For Medicine Phase II, the strengths of the student assessment system as described in the CRISES Report

include:

1. The variety of evaluation methods that allows sampling of many CanMEDS skills;

2. The commitment to feedback in which each evaluation method includes a feedback system; and

3. The approach to borderline students, provision of extra work/remediation and follow-up.

C. Observations from the Assessment Data:

Course level grade statistics reported for academic years 2004-05 to 2006-07 were consistent in general. At

the level of teaching site and rotation block, detailed information presented for 2006-07 indicated some

variations by site or rotation block.

1. Final Course Grades:

1.1 At the course level, the mean Final Grades were consistent over time with a range of 0.7% (80.6

- 81.3). The percentage of honours grades increased by fifteen percent in 2005-06 and remained at this

level for 2006-07 (i.e., 52, 67 and 68).

1.2 Final Grades by Teaching Site and Rotation:

For 2006-07, the range was 2.7% in mean final grades for the five teaching sites (79.7 - 82.4). For

the five rotation block means, the range was 3.1% (80.1 to 83.2).

2. Written Short Answer Written Examination:

2.1 At the course level, the mean Short Answer Exam marks were consistent over time with a range of

1.5% (77.4 - 78.9).

2.2 Short Answer Exam Marks by Teaching Site and Rotation:

For 2006-07, there was a range of 6.5% in the mean exam mark by rotation (75.6 - 82.1 for

Rotations 2 and 1, respectively).

3. Objective Structured Clinical Examination:

3.1 At the course level, OSCE mark statistics were consistent over time with respect to the mean mark

(76.4 - 77.3), percentage honours (26 - 31) and standard deviation (5.2 - 6.0).

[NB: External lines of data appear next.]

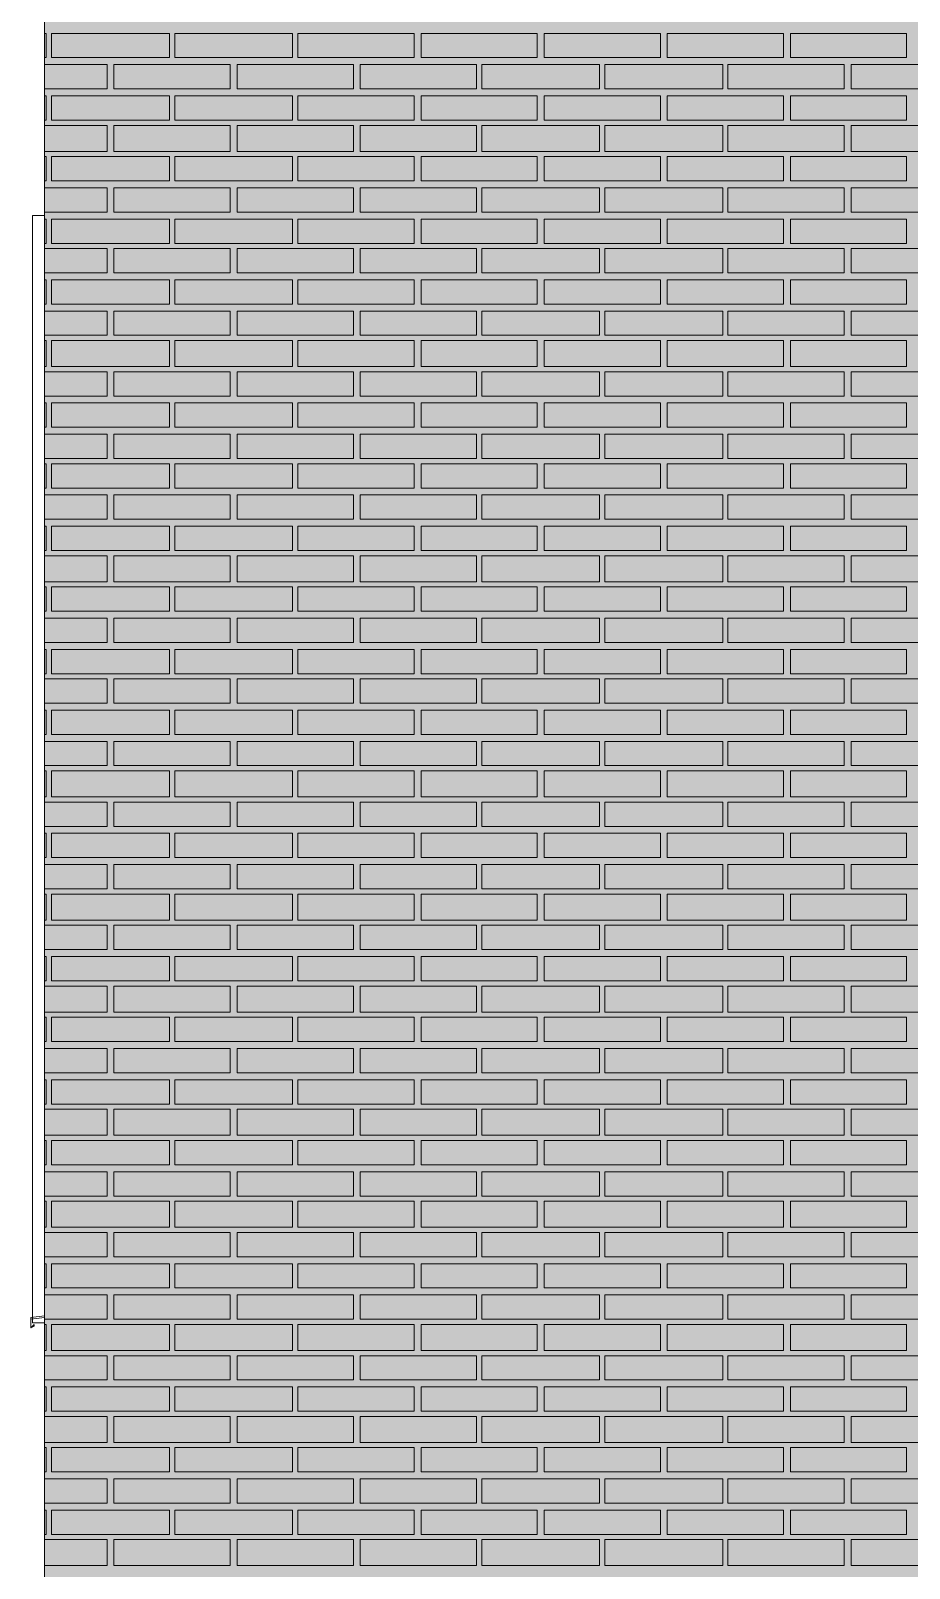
# Model space of a CAD drawing. Header units: millimetres. Extents: x -28928 to 100580, y -22867 to 36490.
# Drawn here: x -21909 to -19766, y 24689 to 28437 of the extents above; entities that cross this region are included whole.
import ezdxf

# ---------------------------------------------------------------- set-up
doc = ezdxf.new("R2010")
doc.units = ezdxf.units.MM
doc.layers.add('PDF _Геометрия', color=7, linetype='Continuous', true_color=0x8f8e8d)
doc.layers.add('PDF _Сплошная заливка', color=7, linetype='Continuous', true_color=0xffffff)

msp = doc.modelspace()

# ---------------------------------------------------------------- hatches: boundary and pattern name
at = {"layer": 'PDF _Сплошная заливка', "true_color": 0xdcd6cf, "transparency": 33554559}
msp.add_hatch(color=254, dxfattribs=at).paths.add_polyline_path([(-18676.6, 16343.4), (-18676.6, 19592.6), (-17276.3, 19592.6), (-17276.3, 16343.4), (19112.6, 16343.4), (19112.6, 30089.1), (-21853.9, 30089.1), (-21853.9, 16343.4), (-21375.9, 16343.4), (-21375.9, 19592.6), (-19277.4, 19592.6), (-19277.4, 16343.4)])

# ---------------------------------------------------------------- linework, layer by layer
at = {"layer": 'PDF _Геометрия', "color": 7, "lineweight": 9}
for points in [[(-21853.9, 16296.8), (-21853.9, 16343.4), (-21875.1, 16343.4), (-21875.1, 30089.1)], [(-21875.1, 25287.2), (-21904.7, 25287.2), (-21904.7, 25363.4), (-21904.7, 27910.3), (-21904.7, 27986.4), (-21875.1, 27986.4)], [(-21875.1, 25304.1), (-21908.9, 25299.9), (-21908.9, 25274.5), (-21908.9, 25295.7), (-21875.1, 25299.9)], [(-21908.9, 25274.5), (-21908.9, 25274.5)]]:
    msp.add_lwpolyline(points, dxfattribs=at)
at = {"layer": 'PDF _Геометрия', "lineweight": 9}
for points in [[(-21875.1, 28430.7), (-21870.9, 28430.7), (-21870.9, 28371.4), (-21875.1, 28371.4)], [(-21875.1, 28354.5), (-21862.4, 28354.5), (-21853.9, 28354.5), (-21722.8, 28354.5), (-21722.8, 28295.3), (-21853.9, 28295.3), (-21862.4, 28295.3), (-21875.1, 28295.3)], [(-21875.1, 28278.4), (-21870.9, 28278.4), (-21870.9, 28219.1), (-21875.1, 28219.1)], [(-21875.1, 28206.4), (-21862.4, 28206.4), (-21853.9, 28206.4), (-21722.8, 28206.4), (-21722.8, 28143), (-21853.9, 28143), (-21862.4, 28143), (-21875.1, 28143)], [(-21875.1, 28130.3), (-21870.9, 28130.3), (-21870.9, 28071), (-21875.1, 28071)], [(-21875.1, 28054.1), (-21862.4, 28054.1), (-21853.9, 28054.1), (-21722.8, 28054.1), (-21722.8, 27994.9), (-21853.9, 27994.9), (-21862.4, 27994.9), (-21875.1, 27994.9)], [(-21875.1, 27978), (-21870.9, 27978), (-21870.9, 27918.7), (-21875.1, 27918.7)], [(-21875.1, 27906), (-21862.4, 27906), (-21853.9, 27906), (-21722.8, 27906), (-21722.8, 27846.8), (-21853.9, 27846.8), (-21862.4, 27846.8), (-21875.1, 27846.8)], [(-21875.1, 27829.9), (-21870.9, 27829.9), (-21870.9, 27770.7), (-21875.1, 27770.7)], [(-21875.1, 27753.7), (-21862.4, 27753.7), (-21853.9, 27753.7), (-21722.8, 27753.7), (-21722.8, 27694.5), (-21853.9, 27694.5), (-21862.4, 27694.5), (-21875.1, 27694.5)], [(-21875.1, 27681.8), (-21870.9, 27681.8), (-21870.9, 27618.4), (-21875.1, 27618.4)], [(-21875.1, 27605.7), (-21862.4, 27605.7), (-21853.9, 27605.7), (-21722.8, 27605.7), (-21722.8, 27546.4), (-21853.9, 27546.4), (-21862.4, 27546.4), (-21875.1, 27546.4)], [(-21875.1, 27529.5), (-21870.9, 27529.5), (-21870.9, 27470.3), (-21875.1, 27470.3)], [(-21875.1, 27453.4), (-21862.4, 27453.4), (-21853.9, 27453.4), (-21722.8, 27453.4), (-21722.8, 27394.1), (-21853.9, 27394.1), (-21862.4, 27394.1), (-21875.1, 27394.1)], [(-21875.1, 27381.4), (-21870.9, 27381.4), (-21870.9, 27322.2), (-21875.1, 27322.2)], [(-21875.1, 27305.3), (-21862.4, 27305.3), (-21853.9, 27305.3), (-21722.8, 27305.3), (-21722.8, 27246), (-21853.9, 27246), (-21862.4, 27246), (-21875.1, 27246)], [(-21875.1, 27229.1), (-21870.9, 27229.1), (-21870.9, 27169.9), (-21875.1, 27169.9)], [(-21875.1, 27157.2), (-21862.4, 27157.2), (-21853.9, 27157.2), (-21722.8, 27157.2), (-21722.8, 27093.7), (-21853.9, 27093.7), (-21862.4, 27093.7), (-21875.1, 27093.7)], [(-21875.1, 27081), (-21870.9, 27081), (-21870.9, 27021.8), (-21875.1, 27021.8)], [(-21875.1, 27004.9), (-21862.4, 27004.9), (-21853.9, 27004.9), (-21722.8, 27004.9), (-21722.8, 26945.7), (-21853.9, 26945.7), (-21862.4, 26945.7), (-21875.1, 26945.7)], [(-21875.1, 26928.7), (-21870.9, 26928.7), (-21870.9, 26869.5), (-21875.1, 26869.5)], [(-21875.1, 26856.8), (-21862.4, 26856.8), (-21853.9, 26856.8), (-21722.8, 26856.8), (-21722.8, 26797.6), (-21853.9, 26797.6), (-21862.4, 26797.6), (-21875.1, 26797.6)], [(-21875.1, 26780.7), (-21870.9, 26780.7), (-21870.9, 26721.4), (-21875.1, 26721.4)], [(-21875.1, 26704.5), (-21862.4, 26704.5), (-21853.9, 26704.5), (-21722.8, 26704.5), (-21722.8, 26645.3), (-21853.9, 26645.3), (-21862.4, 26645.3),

3.2 OSCE Marks by Teaching Site and Rotation:

For 2006-07, the range was 2.6% in the mean OSCE mark by teaching site (75.0 - 77.6).

By rotation, the range was 3.6% (74.6 to 78.2).

3. OSCE (continued):

3.3 Reliability:

Evidence of reliability of the OSCE Stations was indicated by the following analyses:

a. Correlations between Station Checklist and Global Scores were .37 to .70 (i.e., for 7 stations

in 2004-05, 8 stations in 2005-06)

b. For Global Ratings on all exam stations by academic year, the mean Cronbach's alpha was

.75 (2005-06) and .76 (2004-05, 2006-07).

35

c. For Global Ratings on each station in 2006-07, Cronbach's alpha reliabilities ranged from .55

to .83, a measure of the internal consistency of the ratings comprising the Global Score for

each station.

4. Ward Evaluation (CTU):

4.1 At the course level, the mean Ward Evaluation mark increased by about three percent from 2004-05

to 2005-06 and remained at this level for 2006-07 (i.e., 80.3, 83.0, 83.3). In 2005-06, the percentage

of honours grades increased by 20 percent (i.e., 61, 81, 81).

4.2 Variations by Teaching Site and Rotation:

For 2006-07, the range was 2.9% in mean ward marks by teaching site (81.6 - 84.5).

By rotation, the range was 4.1% (82.0 to 86.1).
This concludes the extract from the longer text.